Tuesday, 8 November 2016

Add new partition to SSAS cube programmatically

I'm stuck for time, so this is a brief overview and doesn't go into a lot of detail

I have built a cube for a small project to report on promotional transactions.
Stats for the machine (Dev): Windows Server 2012 (virtual), SQL 2012, 50GB RAM, 4TB hard drive and 10 cores
Currently the database has 3.5 billion-ish records in 2 tables (7 billion in total) covering 3 years of transactions. Due to the size of the data and the shape of the date hierarchy, the cube partitions will be by week. As of today there are 145 partitions - with a new one being created automatically each week.

That is a lot of partitions to manually create and there is no standard task in SSIS to help with the problem, therefore a mix of ASSP library and C# custom tasks will be employed to the the dirty work for us.
Due to the nature of this data I can't go into a fully working example, but will talk through each step.

Assumption: you have already built a cube!

The first thing to do is download the ASSP (Analysis Services Stored Procedure) library: https://asstoredprocedures.codeplex.com/
Once you have this, log into Analysis Services from SSMS, right click 'Assemblies' and add the ASSP dll.
This will allow you to run 'call assp.DiscoverXmlMetadata("Partition")' as an MDX query against the cube. it will return all the partitions with lots of useful information that we'll need later.

Step 1: Create a dataflow task to populate a table to contain you partition metadata:
In 'MDX to query partitions':
Next set the desination (SSIS can create the table automatically for you):
This table will allow SSIS to navigate which partition(s) to process.

This post assumes you have loaded new data into a fact table already and so we will focus on building a new partition from this data.

Each partition uses a naming convention that includes a date referencing the data contained within it. I.e. 'PARTITION 2016-01-01'. This will allow us to compare the partition dates to the dates in our fact table. From this we can work out what new 'weeks' need to added to the cube.

Here is the query:
select
convert(varchar(10),d.WEEK_ENDING,120) as WEEK_ENDING
from Date d
inner join Sales s
on d.DATE = s.DATE
where WEEK_ENDING > (select top 1 RIGHT(Name,10) as PartitionWeek from [dbo].[PromotionsCube_Partitions] order by PartitionWeek DESC)
GROUP BY convert(varchar(10),d.WEEK_ENDING,120)
ORDER BY WEEK_ENDING


Put the results into an SSIS object variable and loop through it:


The task within the loop is an 'Analysis Services Execute DDL Task'.

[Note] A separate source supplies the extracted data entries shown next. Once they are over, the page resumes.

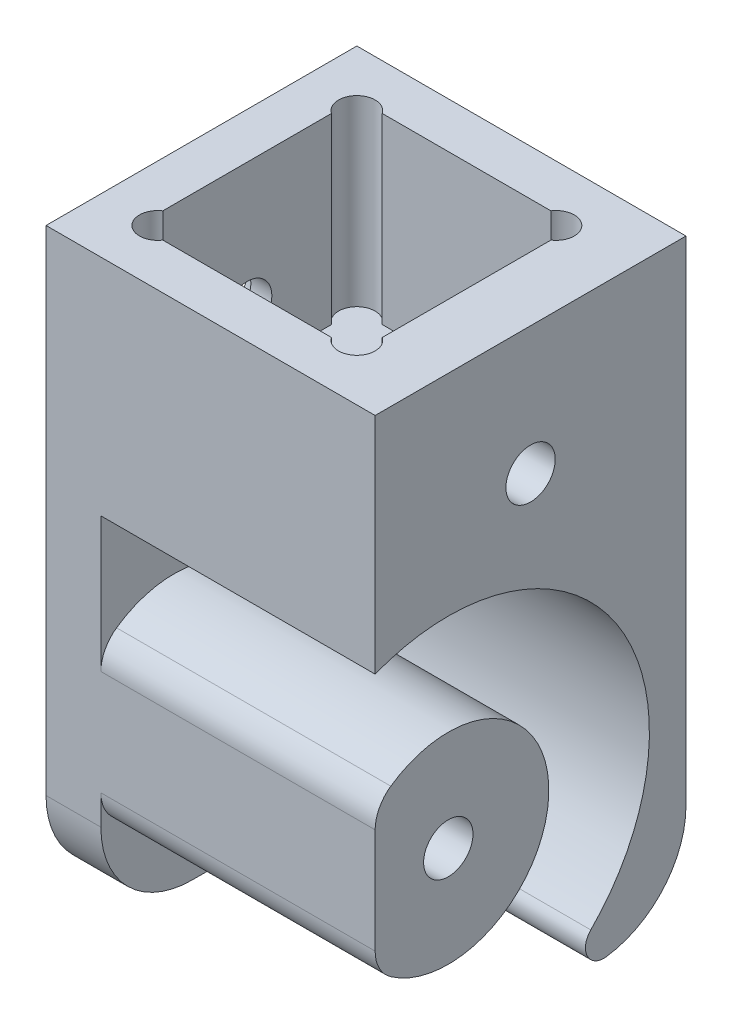
from build123d import *

# Parameters (mm, degrees)
SKETCH_1_W                = 18
SKETCH_1_H                = 17
SKETCH_1_W_2              = 12
SKETCH_1_H_2              = 12
EXTRUDE_1_DEPTH           = 10
SKETCH_4_W                = 18
SKETCH_4_H                = 17
EXTRUDE_2_DEPTH           = 22
SKETCH_5_R                = 11
CUT_EXTRUDE_1_DEPTH       = 15
SKETCH_8_R                = 1.25
EXTRUDE_3_DEPTH           = 15
SKETCH_13_R               = 1.25
CUT_EXTRUDE_5_DEPTH       = 30.669007398
SKETCH_9_R                = 1.35
CUT_EXTRUDE_3_DEPTH       = 30.669007398
FILLET_4_R                = 5
SKETCH_20_R               = 1
CUT_EXTRUDE_7_DEPTH       = 10
FILLET_5_R                = 5
FILLET_6_R                = 2
FILLET_7_R                = 1
HOLE_WIZARD_1_D           = 2.7
HOLE_WIZARD_1_CSINK_D     = 5.4
HOLE_WIZARD_1_CSINK_ANGLE = 90


with BuildPart() as part:
    # 草图1 → 凸台-拉伸1 (new body)
    with BuildSketch(Plane(origin=(0, 0, 0), x_dir=(1, 0, 0), z_dir=(0, 1, 0))):
        Rectangle(SKETCH_1_W, SKETCH_1_H)
        with Locations((-0.5, 0)):
            Rectangle(SKETCH_1_W_2, SKETCH_1_H_2, mode=Mode.SUBTRACT)
    extrude(amount=EXTRUDE_1_DEPTH)

    # 草图4 → 凸台-拉伸2 (add)
    with BuildSketch(Plane.XZ):
        Rectangle(SKETCH_4_W, SKETCH_4_H)
    extrude(amount=EXTRUDE_2_DEPTH)

    # 草图5 → 切除-拉伸1 (cut)
    with BuildSketch(Plane.ZY.offset(-9)):
        with Locations((4.5, -12.5)):
            Circle(SKETCH_5_R)
    extrude(amount=CUT_EXTRUDE_1_DEPTH, mode=Mode.SUBTRACT)

    # 草图8 → 凸台-拉伸3 (add)
    with BuildSketch(Plane(origin=(-6, 0, 0), x_dir=(0, 0, -1), z_dir=(1, 0, 0))):
        with BuildLine():
            Line((-8.5, -8.725082782), (-8.5, -16.274917218))
            ThreePointArc((-8.5, -16.274917218), (1, -12.5), (-8.5, -8.725082782))
        make_face()
        with Locations(Location((-4.5, -12.5, 0), (0, 0, 180))):
            Circle(SKETCH_8_R, mode=Mode.SUBTRACT)
    extrude(amount=EXTRUDE_3_DEPTH)

    # 草图13 → 切除-拉伸5 (cut, through all)
    with BuildSketch(Plane(origin=(9, 0, 0), x_dir=(0, 0, -1), z_dir=(1, 0, 0))):
        with Locations((0, 3)):
            Circle(SKETCH_13_R)
    extrude(amount=-CUT_EXTRUDE_5_DEPTH, mode=Mode.SUBTRACT)

    # 草图9 → 切除-拉伸3 (cut, through all)
    with BuildSketch(Plane(origin=(9, 0, 0), x_dir=(0, 0, -1), z_dir=(1, 0, 0))):
        with Locations((-4.5, -12.5)):
            Circle(SKETCH_9_R)
    extrude(amount=-CUT_EXTRUDE_3_DEPTH, mode=Mode.SUBTRACT)

    # 圆角4
    fillet_4_edges = [part.edges().sort_by_distance(p)[0] for p in [
        (0, -22, -8.5),
    ]]
    fillet(fillet_4_edges, radius=FILLET_4_R)

    # 草图20 → 切除-拉伸7 (cut)
    with BuildSketch(Plane(origin=(0, 10, 0), x_dir=(1, 0, 0), z_dir=(0, 1, 0))):
        with Locations((4.944722215, -5.444722215)):
            Circle(SKETCH_20_R)
        with Locations((4.944722215, 5.444722215)):
            Circle(SKETCH_20_R)
        with Locations((-5.944722215, 5.444722215)):
            Circle(SKETCH_20_R)
        with Locations((-5.944722215, -5.444722215)):
            Circle(SKETCH_20_R)
    extrude(amount=-CUT_EXTRUDE_7_DEPTH, mode=Mode.SUBTRACT)

    # 圆角5
    fillet_5_edges = [part.edges().sort_by_distance(p)[0] for p in [
        (-7.5, -22, 8.5),
    ]]
    fillet(fillet_5_edges, radius=FILLET_5_R)

    # 圆角6
    fillet_6_edges = [part.edges().sort_by_distance(p)[0] for p in [
        (1.5, -16.274917218, 8.5),
        (1.5, -8.725082782, 8.5),
    ]]
    fillet(fillet_6_edges, radius=FILLET_6_R)

    # 圆角7
    # the kernel refuses this fillet: 1 mm, written as the material it takes off along each edge
    with BuildSketch(Plane(origin=(-6, -22, -1.045268253), x_dir=(0, 0.6114361728106764, -0.7912937549220469), z_dir=(1, 0, 0))) as fillet_7_piece_1:
        with BuildLine():
            CenterArc((2.970570235, -0.991624388), FILLET_7_R, 97.420778889, 142.097986779)
            Line((2.463314102, -1.853419733), (2.412588489, -1.939599267))
            ThreePointArc((2.412588489, -1.939599267), (1.881270284, -1.58004116), (-0.061143617, -0.079129375))
            Line((-0.061143617, -0.079129375), (0.012915523, 0.099162439))
            ThreePointArc((0.012915523, 0.099162439), (1.420707504, 0.00786827), (2.828499484, 0.099162439))
            Line((2.828499484, 0.099162439), (2.841415007, 0))
        make_face()
    extrude(amount=22.706766942, mode=Mode.SUBTRACT)

    # 打孔尺寸(%根据十字)槽沉头木螺钉的类型1 (through all)
    with Locations(Plane.ZY.offset(9)):
        with Locations((4.5, -12.5), (0, 3)):
            CounterSinkHole(HOLE_WIZARD_1_D / 2, HOLE_WIZARD_1_CSINK_D / 2, counter_sink_angle=HOLE_WIZARD_1_CSINK_ANGLE)


solid = part.part

This task allows us to execute xml scripts to run on a cube. In this case we are going to create a new partition using the 'week_ending' from our loop.

Now open SSMS and connect to Analysis Services.
navigate to your cube and drill down to partitions. Right-click on a partition, Script Parition As then 'Create' you will be provided with an xml script that we can modify and utilise.

<Create xmlns="http://schemas.microsoft.com/analysisservices/2003/engine">
    <ParentObject>
        <DatabaseID>PromotionsCube</DatabaseID>
        <CubeID>Promotions</CubeID>
        <MeasureGroupID>Sales</MeasureGroupID>
    </ParentObject>
    <ObjectDefinition>
        <Partition xmlns:xsd="http://www.w3.org/2001/XMLSchema" xmlns:xsi="http://www.w3.org/2001/XMLSchema-instance" xmlns:ddl2="http://schemas.microsoft.com/analysisservices/2003/engine/2" xmlns:ddl2_2="http://schemas.microsoft.com/analysisservices/2003/engine/2/2" xmlns:ddl100_100="http://schemas.microsoft.com/analysisservices/2008/engine/100/100" xmlns:ddl200="http://schemas.microsoft.com/analysisservices/2010/engine/200" xmlns:ddl200_200="http://schemas.microsoft.com/analysisservices/2010/engine/200/200" xmlns:ddl300="http://schemas.microsoft.com/analysisservices/2011/engine/300" xmlns:ddl300_300="http://schemas.microsoft.com/analysisservices/2011/engine/300/300" xmlns:ddl400="http://schemas.microsoft.com/analysisservices/2012/engine/400" xmlns:ddl400_400="http://schemas.microsoft.com/analysisservices/2012/engine/400/400">
            <ID>Sales_2015-11-19</ID>
            <Name>2015-11-19</Name>
            <Source xsi:type="QueryBinding">
                <DataSourceID>Promotions</DataSourceID>
                <QueryDefinition>SELECT YOUR SQL QUERY THAT FORMS PARTITION WHERE WEEK_ENDING = '2015-11-19'</QueryDefinition>
            </Source>
            <StorageMode>Molap</StorageMode>
            <ProcessingMode>Regular</ProcessingMode>
            <Slice>[Date].[SALES HIERARCHY].[WEEK ENDING].&[2015-11-19T00:00:00]</Slice>
            <ProactiveCaching>
                <SilenceInterval>-PT1S</SilenceInterval>
                <Latency>-PT1S</Latency>
                <SilenceOverrideInterval>-PT1S</SilenceOverrideInterval>
                <ForceRebuildInterval>-PT1S</ForceRebuildInterval>
                <Source xsi:type="ProactiveCachingInheritedBinding" />
            </ProactiveCaching>
            <EstimatedRows>10782922</EstimatedRows>
            <AggregationDesignID>AggregationDesign</AggregationDesignID>
        </Partition>
    </ObjectDefinition>
</Create>



Anywhere that references '2015-11-19' will be replaced by our 'week_ending' variable from the loop. This now creates our new partitions, using the standard aggregation design. I might cover that in another post.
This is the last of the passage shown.